In the entries that follow, the first line to write out is the one containing "#81=VECTOR('',#80,1.);", and the last is the one containing "#141=FACE_BOUND('',#140,.T.);". Reproduce that stretch exactly, with nothing before or after it.

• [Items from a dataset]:
::::::::

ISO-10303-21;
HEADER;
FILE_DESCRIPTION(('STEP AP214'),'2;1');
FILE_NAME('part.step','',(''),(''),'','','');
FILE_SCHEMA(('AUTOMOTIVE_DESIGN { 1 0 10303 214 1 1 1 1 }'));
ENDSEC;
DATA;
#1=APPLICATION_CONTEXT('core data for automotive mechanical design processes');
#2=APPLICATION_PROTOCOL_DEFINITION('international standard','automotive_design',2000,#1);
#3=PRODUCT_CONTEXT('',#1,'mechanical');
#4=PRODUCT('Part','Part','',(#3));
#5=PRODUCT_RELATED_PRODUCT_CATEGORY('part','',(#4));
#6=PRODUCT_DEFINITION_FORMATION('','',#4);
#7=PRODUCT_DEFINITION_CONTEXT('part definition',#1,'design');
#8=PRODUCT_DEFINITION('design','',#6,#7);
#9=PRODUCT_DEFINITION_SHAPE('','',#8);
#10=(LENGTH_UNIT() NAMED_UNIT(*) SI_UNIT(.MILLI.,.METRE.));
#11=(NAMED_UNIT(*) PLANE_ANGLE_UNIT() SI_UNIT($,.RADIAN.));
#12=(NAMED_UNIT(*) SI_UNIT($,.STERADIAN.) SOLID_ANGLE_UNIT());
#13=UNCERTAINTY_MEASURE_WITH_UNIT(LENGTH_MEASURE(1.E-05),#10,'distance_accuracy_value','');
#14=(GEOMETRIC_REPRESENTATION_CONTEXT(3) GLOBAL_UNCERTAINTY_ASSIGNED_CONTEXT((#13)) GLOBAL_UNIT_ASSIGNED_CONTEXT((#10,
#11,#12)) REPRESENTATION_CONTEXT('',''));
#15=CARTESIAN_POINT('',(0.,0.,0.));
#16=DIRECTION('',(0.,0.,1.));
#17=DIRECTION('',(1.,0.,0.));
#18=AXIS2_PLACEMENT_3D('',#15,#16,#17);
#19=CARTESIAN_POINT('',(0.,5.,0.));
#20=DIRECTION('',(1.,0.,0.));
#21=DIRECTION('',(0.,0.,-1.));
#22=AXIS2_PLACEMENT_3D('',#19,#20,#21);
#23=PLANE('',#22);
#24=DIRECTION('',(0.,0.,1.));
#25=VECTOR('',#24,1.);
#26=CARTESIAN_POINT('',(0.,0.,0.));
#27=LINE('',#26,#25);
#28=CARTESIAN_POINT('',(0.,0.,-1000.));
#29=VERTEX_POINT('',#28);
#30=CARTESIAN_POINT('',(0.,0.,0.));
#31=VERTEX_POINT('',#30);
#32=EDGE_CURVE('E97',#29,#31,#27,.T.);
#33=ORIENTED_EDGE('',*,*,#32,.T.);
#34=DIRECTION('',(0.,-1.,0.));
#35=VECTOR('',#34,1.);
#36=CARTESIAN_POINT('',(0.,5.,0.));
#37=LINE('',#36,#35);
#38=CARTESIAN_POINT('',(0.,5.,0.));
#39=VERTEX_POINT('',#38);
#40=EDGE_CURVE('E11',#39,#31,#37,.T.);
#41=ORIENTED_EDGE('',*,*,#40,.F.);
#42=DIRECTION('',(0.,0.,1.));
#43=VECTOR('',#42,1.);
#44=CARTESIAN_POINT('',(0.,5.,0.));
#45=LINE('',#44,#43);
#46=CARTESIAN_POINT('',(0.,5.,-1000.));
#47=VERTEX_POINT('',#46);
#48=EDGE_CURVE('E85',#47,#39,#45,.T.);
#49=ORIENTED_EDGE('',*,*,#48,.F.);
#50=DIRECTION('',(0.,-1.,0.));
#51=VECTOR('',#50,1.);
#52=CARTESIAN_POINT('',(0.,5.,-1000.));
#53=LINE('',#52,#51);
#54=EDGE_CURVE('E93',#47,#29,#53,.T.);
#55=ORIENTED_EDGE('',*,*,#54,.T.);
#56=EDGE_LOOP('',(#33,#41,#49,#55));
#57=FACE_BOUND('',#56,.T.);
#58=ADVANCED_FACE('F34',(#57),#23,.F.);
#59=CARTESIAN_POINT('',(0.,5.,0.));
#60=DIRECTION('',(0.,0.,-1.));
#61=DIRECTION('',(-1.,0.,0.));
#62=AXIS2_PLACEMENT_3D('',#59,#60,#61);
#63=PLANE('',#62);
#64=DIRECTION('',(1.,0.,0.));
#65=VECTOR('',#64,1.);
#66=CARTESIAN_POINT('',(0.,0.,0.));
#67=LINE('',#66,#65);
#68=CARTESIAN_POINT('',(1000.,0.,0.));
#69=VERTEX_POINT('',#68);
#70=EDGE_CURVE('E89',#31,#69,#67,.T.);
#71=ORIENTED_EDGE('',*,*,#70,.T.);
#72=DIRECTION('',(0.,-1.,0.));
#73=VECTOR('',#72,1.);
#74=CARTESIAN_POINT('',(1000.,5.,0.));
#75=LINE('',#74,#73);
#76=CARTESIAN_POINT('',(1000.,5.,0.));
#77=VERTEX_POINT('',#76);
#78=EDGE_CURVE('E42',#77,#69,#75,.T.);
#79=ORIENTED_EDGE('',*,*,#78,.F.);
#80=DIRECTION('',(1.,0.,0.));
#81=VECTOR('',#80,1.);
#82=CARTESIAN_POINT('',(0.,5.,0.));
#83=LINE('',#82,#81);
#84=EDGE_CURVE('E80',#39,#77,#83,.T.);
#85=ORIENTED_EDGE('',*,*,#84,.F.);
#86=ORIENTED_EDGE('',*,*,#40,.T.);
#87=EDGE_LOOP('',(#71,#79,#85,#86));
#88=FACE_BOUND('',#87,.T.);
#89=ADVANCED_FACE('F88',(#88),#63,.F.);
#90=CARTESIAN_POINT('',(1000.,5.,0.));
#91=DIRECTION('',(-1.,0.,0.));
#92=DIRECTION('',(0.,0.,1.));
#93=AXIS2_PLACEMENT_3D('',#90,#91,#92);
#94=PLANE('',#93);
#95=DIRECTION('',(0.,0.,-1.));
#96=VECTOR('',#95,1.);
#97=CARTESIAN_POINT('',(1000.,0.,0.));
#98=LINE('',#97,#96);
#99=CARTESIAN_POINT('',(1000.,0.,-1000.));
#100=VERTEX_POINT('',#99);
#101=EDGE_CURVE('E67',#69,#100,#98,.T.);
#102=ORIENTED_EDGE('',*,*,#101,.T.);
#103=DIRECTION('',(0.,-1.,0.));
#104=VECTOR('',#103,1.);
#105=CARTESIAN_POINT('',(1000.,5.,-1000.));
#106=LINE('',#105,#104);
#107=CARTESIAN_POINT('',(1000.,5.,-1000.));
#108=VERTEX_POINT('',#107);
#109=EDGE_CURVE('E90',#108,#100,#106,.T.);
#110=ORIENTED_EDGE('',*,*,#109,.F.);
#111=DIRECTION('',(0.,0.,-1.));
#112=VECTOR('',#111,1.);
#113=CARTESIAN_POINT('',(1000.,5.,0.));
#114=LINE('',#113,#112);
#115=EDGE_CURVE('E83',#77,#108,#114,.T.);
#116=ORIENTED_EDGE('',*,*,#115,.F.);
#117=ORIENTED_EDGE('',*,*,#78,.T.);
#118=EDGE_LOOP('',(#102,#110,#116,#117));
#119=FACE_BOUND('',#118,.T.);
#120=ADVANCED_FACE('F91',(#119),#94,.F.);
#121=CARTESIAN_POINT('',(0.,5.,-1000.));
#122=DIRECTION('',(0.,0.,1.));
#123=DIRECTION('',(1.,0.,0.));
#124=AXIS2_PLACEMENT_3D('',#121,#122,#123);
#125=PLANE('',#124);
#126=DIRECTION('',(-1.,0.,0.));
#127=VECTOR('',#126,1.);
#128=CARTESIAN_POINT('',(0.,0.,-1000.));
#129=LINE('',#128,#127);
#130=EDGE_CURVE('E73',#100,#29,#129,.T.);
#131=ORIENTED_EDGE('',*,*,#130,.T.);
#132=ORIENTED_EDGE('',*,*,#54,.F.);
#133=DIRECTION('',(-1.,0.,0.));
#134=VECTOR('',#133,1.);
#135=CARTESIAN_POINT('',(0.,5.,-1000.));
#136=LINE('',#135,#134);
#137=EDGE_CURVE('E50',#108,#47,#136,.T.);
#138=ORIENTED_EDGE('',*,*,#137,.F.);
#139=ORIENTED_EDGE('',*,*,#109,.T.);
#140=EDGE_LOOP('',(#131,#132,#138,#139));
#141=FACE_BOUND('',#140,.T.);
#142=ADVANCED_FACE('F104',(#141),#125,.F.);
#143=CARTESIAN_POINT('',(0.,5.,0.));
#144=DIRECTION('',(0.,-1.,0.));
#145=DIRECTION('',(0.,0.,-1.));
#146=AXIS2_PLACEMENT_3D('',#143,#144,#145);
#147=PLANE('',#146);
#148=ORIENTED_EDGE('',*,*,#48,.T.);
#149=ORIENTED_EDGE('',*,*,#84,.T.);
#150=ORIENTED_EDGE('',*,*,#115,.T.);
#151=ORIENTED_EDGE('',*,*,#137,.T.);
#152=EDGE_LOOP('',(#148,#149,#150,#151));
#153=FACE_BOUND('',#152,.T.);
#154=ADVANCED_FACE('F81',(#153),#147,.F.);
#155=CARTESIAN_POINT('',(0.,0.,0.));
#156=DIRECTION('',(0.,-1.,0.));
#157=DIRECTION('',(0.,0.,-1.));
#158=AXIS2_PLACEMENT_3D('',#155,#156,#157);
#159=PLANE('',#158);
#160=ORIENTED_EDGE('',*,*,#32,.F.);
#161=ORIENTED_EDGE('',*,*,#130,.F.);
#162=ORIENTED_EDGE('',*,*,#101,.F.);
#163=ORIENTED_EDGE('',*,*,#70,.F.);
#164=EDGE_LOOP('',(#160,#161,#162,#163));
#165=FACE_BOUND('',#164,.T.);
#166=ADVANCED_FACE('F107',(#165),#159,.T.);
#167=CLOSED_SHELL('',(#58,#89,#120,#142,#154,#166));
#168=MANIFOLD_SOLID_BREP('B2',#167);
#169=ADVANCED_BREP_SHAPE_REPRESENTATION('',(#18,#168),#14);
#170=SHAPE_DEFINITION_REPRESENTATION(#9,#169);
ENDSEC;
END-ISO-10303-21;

::::::::

• [SOLUTION]:
#81=VECTOR('',#80,1.);
#82=CARTESIAN_POINT('',(0.,5.,0.));
#83=LINE('',#82,#81);
#84=EDGE_CURVE('E80',#39,#77,#83,.T.);
#85=ORIENTED_EDGE('',*,*,#84,.F.);
#86=ORIENTED_EDGE('',*,*,#40,.T.);
#87=EDGE_LOOP('',(#71,#79,#85,#86));
#88=FACE_BOUND('',#87,.T.);
#89=ADVANCED_FACE('F88',(#88),#63,.F.);
#90=CARTESIAN_POINT('',(1000.,5.,0.));
#91=DIRECTION('',(-1.,0.,0.));
#92=DIRECTION('',(0.,0.,1.));
#93=AXIS2_PLACEMENT_3D('',#90,#91,#92);
#94=PLANE('',#93);
#95=DIRECTION('',(0.,0.,-1.));
#96=VECTOR('',#95,1.);
#97=CARTESIAN_POINT('',(1000.,0.,0.));
#98=LINE('',#97,#96);
#99=CARTESIAN_POINT('',(1000.,0.,-1000.));
#100=VERTEX_POINT('',#99);
#101=EDGE_CURVE('E67',#69,#100,#98,.T.);
#102=ORIENTED_EDGE('',*,*,#101,.T.);
#103=DIRECTION('',(0.,-1.,0.));
#104=VECTOR('',#103,1.);
#105=CARTESIAN_POINT('',(1000.,5.,-1000.));
#106=LINE('',#105,#104);
#107=CARTESIAN_POINT('',(1000.,5.,-1000.));
#108=VERTEX_POINT('',#107);
#109=EDGE_CURVE('E90',#108,#100,#106,.T.);
#110=ORIENTED_EDGE('',*,*,#109,.F.);
#111=DIRECTION('',(0.,0.,-1.));
#112=VECTOR('',#111,1.);
#113=CARTESIAN_POINT('',(1000.,5.,0.));
#114=LINE('',#113,#112);
#115=EDGE_CURVE('E83',#77,#108,#114,.T.);
#116=ORIENTED_EDGE('',*,*,#115,.F.);
#117=ORIENTED_EDGE('',*,*,#78,.T.);
#118=EDGE_LOOP('',(#102,#110,#116,#117));
#119=FACE_BOUND('',#118,.T.);
#120=ADVANCED_FACE('F91',(#119),#94,.F.);
#121=CARTESIAN_POINT('',(0.,5.,-1000.));
#122=DIRECTION('',(0.,0.,1.));
#123=DIRECTION('',(1.,0.,0.));
#124=AXIS2_PLACEMENT_3D('',#121,#122,#123);
#125=PLANE('',#124);
#126=DIRECTION('',(-1.,0.,0.));
#127=VECTOR('',#126,1.);
#128=CARTESIAN_POINT('',(0.,0.,-1000.));
#129=LINE('',#128,#127);
#130=EDGE_CURVE('E73',#100,#29,#129,.T.);
#131=ORIENTED_EDGE('',*,*,#130,.T.);
#132=ORIENTED_EDGE('',*,*,#54,.F.);
#133=DIRECTION('',(-1.,0.,0.));
#134=VECTOR('',#133,1.);
#135=CARTESIAN_POINT('',(0.,5.,-1000.));
#136=LINE('',#135,#134);
#137=EDGE_CURVE('E50',#108,#47,#136,.T.);
#138=ORIENTED_EDGE('',*,*,#137,.F.);
#139=ORIENTED_EDGE('',*,*,#109,.T.);
#140=EDGE_LOOP('',(#131,#132,#138,#139));
#141=FACE_BOUND('',#140,.T.);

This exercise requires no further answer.